What is required | Please give back, word for word, only the lines starting at the one containing "#196=ORIENTED_EDGE('',*,*,#195,.T.);" and ending at the one containing "#201=DIRECTION('',(0.,0.,-1.));" within the material below.

Listed entries |
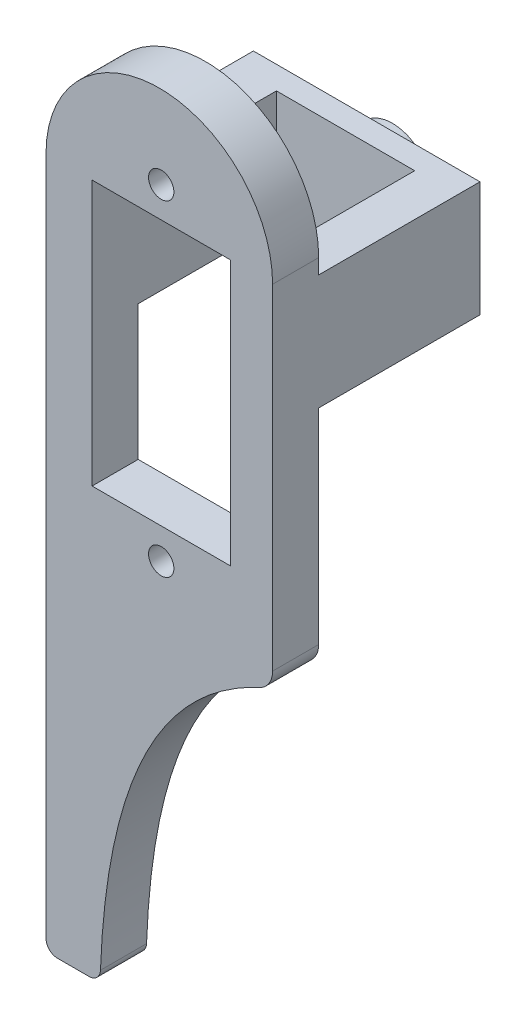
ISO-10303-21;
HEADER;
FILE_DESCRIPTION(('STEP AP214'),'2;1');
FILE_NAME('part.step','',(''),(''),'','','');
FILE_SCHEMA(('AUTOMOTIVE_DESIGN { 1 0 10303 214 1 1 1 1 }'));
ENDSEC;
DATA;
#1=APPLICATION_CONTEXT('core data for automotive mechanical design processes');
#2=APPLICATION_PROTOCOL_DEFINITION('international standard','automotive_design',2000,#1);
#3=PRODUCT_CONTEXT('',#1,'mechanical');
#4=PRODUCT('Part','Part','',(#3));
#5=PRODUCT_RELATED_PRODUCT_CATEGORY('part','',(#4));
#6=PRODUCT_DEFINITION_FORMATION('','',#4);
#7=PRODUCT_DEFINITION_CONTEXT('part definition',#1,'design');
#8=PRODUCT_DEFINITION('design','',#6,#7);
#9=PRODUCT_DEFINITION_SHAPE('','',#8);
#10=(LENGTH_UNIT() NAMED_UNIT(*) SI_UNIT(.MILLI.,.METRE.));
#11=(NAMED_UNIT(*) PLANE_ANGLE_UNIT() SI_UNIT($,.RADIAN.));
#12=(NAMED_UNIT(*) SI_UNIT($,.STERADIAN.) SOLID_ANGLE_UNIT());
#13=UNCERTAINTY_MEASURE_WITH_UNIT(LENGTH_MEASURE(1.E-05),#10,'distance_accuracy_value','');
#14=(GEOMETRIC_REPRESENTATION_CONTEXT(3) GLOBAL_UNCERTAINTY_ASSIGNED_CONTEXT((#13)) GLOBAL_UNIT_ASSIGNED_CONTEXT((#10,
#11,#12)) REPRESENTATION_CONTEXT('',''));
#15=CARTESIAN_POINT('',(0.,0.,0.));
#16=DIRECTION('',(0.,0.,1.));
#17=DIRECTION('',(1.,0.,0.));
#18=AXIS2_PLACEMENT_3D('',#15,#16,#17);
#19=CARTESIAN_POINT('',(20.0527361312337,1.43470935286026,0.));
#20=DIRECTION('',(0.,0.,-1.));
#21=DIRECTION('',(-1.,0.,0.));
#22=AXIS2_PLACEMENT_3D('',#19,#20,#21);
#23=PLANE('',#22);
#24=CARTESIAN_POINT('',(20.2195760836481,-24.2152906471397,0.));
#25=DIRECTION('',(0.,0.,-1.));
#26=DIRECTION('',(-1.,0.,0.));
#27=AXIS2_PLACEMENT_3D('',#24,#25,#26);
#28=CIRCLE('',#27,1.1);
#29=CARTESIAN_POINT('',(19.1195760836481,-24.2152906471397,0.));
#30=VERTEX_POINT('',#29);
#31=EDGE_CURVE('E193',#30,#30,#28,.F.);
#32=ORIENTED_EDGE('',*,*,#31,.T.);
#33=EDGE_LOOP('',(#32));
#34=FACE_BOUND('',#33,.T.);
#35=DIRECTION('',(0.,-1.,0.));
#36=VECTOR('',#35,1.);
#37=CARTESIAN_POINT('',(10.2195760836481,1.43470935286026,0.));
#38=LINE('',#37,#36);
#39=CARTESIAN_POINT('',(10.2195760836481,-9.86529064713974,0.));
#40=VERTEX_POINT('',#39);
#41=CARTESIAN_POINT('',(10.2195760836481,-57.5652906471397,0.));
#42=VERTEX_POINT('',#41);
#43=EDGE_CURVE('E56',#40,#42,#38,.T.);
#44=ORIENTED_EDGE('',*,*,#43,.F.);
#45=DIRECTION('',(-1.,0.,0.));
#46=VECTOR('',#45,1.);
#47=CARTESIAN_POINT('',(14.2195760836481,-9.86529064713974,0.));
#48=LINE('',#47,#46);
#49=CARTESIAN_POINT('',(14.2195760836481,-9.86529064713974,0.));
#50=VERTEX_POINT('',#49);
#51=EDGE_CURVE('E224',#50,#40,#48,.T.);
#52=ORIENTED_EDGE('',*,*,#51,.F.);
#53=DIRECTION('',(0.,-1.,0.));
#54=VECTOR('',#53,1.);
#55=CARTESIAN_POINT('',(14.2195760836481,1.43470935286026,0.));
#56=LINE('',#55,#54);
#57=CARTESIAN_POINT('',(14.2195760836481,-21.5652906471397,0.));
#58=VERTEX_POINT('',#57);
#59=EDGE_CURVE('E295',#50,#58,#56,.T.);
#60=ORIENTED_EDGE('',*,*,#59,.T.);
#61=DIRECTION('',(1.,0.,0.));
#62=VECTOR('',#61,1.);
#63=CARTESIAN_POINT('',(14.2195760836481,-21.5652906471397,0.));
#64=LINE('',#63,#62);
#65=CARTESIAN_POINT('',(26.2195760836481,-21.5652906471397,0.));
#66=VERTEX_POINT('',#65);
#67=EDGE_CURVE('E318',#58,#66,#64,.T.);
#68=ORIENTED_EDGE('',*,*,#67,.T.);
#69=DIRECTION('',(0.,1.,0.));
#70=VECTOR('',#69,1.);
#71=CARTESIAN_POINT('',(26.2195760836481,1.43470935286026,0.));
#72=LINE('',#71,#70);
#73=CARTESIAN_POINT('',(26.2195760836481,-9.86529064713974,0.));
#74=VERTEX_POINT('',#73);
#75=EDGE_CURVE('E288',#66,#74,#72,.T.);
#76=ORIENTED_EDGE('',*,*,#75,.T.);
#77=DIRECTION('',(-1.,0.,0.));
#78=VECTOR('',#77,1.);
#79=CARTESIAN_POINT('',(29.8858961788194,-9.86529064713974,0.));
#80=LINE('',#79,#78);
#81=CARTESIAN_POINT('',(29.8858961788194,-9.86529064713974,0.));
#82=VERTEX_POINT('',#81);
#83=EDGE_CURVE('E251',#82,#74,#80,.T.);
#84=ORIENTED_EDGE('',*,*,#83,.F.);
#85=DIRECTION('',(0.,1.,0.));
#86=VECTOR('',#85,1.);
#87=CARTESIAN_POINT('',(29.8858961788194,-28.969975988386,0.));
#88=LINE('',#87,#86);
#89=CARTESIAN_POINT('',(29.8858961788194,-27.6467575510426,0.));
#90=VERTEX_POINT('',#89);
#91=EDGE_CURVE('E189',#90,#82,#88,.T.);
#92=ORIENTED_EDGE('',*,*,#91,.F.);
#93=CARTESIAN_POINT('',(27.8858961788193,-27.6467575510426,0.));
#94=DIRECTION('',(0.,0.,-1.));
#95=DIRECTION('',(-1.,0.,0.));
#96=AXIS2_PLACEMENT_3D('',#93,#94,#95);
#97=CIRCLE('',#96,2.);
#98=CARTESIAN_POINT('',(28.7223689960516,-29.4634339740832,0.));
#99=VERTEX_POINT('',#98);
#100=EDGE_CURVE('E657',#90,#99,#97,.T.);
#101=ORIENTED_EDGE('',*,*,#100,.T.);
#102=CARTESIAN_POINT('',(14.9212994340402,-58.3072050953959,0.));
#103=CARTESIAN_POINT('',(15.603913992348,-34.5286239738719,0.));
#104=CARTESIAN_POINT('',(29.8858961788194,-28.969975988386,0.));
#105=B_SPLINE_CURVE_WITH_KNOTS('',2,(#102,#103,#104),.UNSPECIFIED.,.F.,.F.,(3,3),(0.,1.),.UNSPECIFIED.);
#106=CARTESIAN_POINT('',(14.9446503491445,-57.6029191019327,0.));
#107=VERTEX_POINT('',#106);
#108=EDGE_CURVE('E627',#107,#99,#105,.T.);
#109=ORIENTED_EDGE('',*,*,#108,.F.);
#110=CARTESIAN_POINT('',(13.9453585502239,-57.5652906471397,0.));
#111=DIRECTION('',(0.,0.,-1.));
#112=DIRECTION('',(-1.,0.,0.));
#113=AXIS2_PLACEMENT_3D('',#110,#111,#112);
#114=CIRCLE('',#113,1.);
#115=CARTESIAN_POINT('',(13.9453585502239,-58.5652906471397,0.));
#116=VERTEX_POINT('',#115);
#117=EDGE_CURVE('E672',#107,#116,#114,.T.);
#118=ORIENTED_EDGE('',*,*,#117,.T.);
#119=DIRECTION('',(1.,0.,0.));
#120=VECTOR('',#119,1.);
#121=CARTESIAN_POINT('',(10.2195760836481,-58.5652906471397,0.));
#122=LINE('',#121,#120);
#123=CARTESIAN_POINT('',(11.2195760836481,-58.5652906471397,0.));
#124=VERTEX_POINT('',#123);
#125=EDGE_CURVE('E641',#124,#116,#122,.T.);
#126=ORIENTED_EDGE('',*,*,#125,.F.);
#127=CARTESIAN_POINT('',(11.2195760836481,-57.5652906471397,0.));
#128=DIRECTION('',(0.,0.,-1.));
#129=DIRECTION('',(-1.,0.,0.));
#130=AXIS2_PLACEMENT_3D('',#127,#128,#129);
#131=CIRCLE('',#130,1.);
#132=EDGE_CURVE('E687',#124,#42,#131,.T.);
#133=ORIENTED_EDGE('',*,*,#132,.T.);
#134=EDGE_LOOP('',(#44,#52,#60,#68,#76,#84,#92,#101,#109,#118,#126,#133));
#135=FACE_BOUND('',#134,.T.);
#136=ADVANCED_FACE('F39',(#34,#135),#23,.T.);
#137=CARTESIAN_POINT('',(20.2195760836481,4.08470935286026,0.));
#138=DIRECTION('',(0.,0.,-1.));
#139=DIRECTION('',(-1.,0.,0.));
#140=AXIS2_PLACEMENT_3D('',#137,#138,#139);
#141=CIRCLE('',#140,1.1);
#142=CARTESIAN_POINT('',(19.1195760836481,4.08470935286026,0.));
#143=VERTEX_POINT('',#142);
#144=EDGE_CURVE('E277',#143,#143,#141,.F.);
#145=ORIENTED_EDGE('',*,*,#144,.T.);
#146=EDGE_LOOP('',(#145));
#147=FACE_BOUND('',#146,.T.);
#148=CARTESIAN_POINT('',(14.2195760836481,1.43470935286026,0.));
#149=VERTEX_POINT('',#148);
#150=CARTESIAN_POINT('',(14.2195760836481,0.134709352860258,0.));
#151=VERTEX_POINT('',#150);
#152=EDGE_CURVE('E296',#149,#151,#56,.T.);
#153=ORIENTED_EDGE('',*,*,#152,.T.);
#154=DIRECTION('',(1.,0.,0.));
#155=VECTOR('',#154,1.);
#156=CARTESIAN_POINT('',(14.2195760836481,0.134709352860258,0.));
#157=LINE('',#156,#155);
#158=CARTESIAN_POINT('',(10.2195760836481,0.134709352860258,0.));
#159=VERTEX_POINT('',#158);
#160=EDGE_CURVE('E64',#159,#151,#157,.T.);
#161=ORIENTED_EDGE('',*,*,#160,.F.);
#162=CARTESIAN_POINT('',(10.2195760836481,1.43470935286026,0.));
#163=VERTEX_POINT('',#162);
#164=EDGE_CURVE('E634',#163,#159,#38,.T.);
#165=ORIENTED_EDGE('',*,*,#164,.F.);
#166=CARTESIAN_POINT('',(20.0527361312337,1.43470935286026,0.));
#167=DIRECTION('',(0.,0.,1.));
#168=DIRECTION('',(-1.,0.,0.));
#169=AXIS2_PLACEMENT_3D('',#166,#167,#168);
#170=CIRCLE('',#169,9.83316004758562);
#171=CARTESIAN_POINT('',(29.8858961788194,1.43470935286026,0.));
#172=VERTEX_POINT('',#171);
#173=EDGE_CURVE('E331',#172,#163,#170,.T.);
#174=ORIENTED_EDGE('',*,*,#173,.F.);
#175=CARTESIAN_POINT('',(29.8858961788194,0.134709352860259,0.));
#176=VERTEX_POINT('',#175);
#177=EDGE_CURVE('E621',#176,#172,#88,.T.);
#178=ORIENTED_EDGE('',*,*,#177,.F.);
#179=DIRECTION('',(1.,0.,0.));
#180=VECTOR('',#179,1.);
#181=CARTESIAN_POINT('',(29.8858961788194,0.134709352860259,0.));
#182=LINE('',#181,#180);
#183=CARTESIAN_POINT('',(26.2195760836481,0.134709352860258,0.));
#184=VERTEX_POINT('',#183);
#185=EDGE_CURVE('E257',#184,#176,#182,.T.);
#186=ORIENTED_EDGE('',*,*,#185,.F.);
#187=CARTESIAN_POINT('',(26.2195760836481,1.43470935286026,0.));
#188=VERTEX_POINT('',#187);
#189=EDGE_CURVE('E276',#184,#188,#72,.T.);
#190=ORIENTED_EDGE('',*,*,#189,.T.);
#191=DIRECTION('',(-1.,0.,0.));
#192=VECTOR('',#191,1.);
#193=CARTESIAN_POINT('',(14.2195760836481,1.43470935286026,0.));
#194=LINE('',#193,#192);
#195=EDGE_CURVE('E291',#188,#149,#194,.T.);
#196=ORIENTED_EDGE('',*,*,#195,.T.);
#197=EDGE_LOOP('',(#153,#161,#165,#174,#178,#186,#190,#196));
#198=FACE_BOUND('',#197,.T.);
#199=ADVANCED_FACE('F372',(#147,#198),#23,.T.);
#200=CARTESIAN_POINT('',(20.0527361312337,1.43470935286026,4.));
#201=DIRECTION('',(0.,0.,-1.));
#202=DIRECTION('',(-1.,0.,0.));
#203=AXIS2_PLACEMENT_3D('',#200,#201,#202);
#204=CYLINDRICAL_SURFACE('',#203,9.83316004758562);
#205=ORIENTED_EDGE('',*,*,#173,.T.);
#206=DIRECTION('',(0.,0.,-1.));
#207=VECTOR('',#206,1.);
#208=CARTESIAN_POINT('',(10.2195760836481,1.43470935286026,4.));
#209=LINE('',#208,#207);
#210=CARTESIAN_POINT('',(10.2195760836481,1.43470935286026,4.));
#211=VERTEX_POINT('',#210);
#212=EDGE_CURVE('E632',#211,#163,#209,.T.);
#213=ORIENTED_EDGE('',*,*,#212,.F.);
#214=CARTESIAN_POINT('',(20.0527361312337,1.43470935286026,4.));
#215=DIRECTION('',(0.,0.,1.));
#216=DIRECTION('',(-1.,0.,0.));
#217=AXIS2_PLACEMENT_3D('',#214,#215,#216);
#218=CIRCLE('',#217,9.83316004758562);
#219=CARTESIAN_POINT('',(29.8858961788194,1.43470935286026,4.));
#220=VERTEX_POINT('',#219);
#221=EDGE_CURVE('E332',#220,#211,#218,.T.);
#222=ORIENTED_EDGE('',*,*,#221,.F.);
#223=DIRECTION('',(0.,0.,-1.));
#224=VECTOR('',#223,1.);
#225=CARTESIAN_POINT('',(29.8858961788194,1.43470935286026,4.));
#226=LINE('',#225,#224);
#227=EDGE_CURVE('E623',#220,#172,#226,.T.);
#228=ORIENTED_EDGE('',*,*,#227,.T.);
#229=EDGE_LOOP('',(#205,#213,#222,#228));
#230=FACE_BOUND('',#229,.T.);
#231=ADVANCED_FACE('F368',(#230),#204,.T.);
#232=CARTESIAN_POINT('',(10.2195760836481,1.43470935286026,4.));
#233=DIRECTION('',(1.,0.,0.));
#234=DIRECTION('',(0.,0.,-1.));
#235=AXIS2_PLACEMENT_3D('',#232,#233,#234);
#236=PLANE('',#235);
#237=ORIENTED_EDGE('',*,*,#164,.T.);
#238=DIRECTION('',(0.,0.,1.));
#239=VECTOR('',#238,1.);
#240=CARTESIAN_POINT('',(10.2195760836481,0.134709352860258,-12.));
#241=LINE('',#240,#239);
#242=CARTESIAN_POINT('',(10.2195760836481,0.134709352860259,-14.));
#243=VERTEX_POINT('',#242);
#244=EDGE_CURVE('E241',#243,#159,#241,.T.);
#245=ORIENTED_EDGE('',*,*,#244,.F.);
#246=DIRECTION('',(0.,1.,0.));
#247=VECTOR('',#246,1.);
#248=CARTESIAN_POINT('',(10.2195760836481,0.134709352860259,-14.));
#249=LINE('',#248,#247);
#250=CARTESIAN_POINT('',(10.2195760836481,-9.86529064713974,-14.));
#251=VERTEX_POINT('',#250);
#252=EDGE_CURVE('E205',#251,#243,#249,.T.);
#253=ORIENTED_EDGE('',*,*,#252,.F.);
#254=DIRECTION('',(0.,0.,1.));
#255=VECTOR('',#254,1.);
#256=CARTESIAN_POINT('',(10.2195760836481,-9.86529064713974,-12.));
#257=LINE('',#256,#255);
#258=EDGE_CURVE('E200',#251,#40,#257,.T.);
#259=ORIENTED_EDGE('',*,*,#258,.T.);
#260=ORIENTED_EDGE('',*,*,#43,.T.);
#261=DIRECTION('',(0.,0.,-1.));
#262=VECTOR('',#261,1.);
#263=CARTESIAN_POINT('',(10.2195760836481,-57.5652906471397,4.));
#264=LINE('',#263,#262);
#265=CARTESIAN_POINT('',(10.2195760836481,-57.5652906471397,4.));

Answer |
#196=ORIENTED_EDGE('',*,*,#195,.T.);
#197=EDGE_LOOP('',(#153,#161,#165,#174,#178,#186,#190,#196));
#198=FACE_BOUND('',#197,.T.);
#199=ADVANCED_FACE('F372',(#147,#198),#23,.T.);
#200=CARTESIAN_POINT('',(20.0527361312337,1.43470935286026,4.));
#201=DIRECTION('',(0.,0.,-1.));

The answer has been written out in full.